Nota: este rascunho, retirado das minhas conversas com Hermínio e a sua mulher, que eu denominava Mama Esperança, pelo seu acolhimento e o seu calor humano, foi, a análise da foto o como fazer uma foto pode, falar, nos Cadernos de Estudos Migratórios, patrocinada pola Conselleria de Cultura e Comunicación Social, Xunta de Galiza, sob a direcção da minha amiga e colega de Cátedra de Compostela, Maria Xosé Rodríguez Galdo.

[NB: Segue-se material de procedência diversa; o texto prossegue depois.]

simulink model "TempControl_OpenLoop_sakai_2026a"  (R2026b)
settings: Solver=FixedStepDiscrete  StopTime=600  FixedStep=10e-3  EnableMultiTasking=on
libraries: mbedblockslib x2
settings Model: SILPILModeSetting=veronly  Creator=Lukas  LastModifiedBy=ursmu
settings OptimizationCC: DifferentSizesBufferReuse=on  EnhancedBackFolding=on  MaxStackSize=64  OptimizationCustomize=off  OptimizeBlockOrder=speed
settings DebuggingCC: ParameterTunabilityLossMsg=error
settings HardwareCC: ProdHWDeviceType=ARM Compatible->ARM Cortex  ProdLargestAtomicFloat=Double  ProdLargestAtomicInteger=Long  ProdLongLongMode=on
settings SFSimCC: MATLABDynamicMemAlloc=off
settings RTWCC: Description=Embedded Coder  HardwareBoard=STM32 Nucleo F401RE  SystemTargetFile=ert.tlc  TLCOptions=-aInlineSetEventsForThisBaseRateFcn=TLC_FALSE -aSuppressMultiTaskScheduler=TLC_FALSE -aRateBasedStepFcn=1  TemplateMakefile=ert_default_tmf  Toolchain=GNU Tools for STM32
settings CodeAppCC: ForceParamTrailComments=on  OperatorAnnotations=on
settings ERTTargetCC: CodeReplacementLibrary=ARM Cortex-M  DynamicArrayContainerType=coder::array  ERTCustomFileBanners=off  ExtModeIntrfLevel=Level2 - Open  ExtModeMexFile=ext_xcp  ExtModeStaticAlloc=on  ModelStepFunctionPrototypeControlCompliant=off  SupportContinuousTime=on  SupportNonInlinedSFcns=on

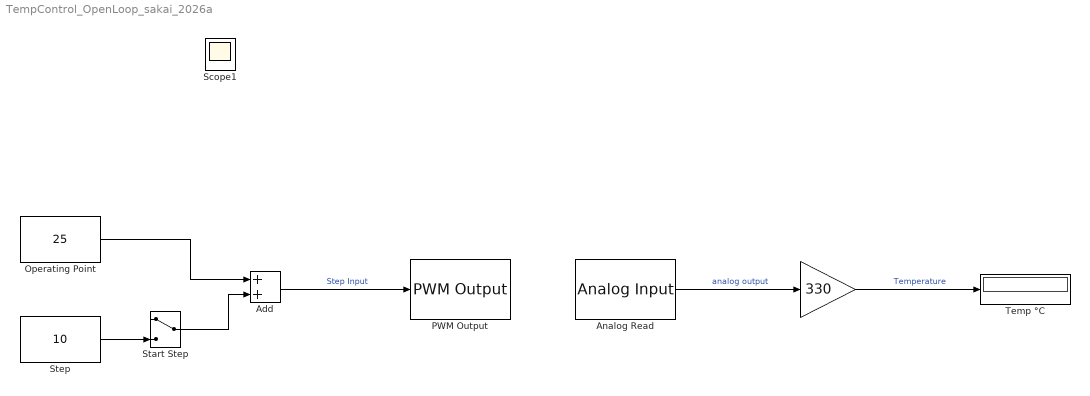
== system TempControl_OpenLoop_sakai_2026a ==
  " " : Gain  Gain=330
  Add : Sum
  Analog Read : mbedblockslib/Analog Input  Pin=A0  ReadResultsOnly=off  ConversionTriggerSource=Software  ExternalTriggerType=uint32( 0 )  OutputDataType=double  EnableConversionCompleteNotify=off  EnableOuputStatus=off  SampleTime=10e-3
      settings: LibrarySourceBlock=stmnucleorootlib/Common/Analog Input
  Operating Point : Constant  Value=25  SampleTime=10e-3
  PWM Output : mbedblockslib/PWM Output  Pin=D2  EnableInputFrequency=off  InitialFrequency=10000  InitialDutyCycle=20  NotificationType=None
      settings: LibrarySourceBlock=stmnucleorootlib/Common/PWM Output
  Start Step : ManualSwitch
  Step : Constant  Value=10  SampleTime=10e-3
  Temp °C : Display
  Scope1 : Scope
      settings: ActiveDisplayYMinimum=20.9423  ActiveDisplayYMaximum=22.6548
  wires:
  Operating Point/1 -> Add/1
  Add/1 -> PWM Output/1  "Step Input"
  Step/1 -> Start Step/2
  Start Step/1 -> Add/2
  Analog Read/1 -> " "/1  "analog output"
  " "/1 -> Temp °C/1  "Temperature"

O texto, com imagens, é titulado A oralidade e a escritura na construcçIón do social, Nº6, Decembro de 1998, pp, 57-68, Palaçio Raxoi, Santiago de Compostela. O Original impresso comigo, ao dispor de que o possa retirar por meio do scan. Criei uma nova forma de usar fontes fidedignas e impressas como meio de informação de trabalho de campo. A foto foi encontrada por mim no palheiro da casa de Medela, amarrotada e húmida: o tempo tinha passado…mas soube reconstrui-la, como esta história dos Medela. Felizes ficaram ao saber que eram parentes da Duquesa de Alba e donde de Lemos….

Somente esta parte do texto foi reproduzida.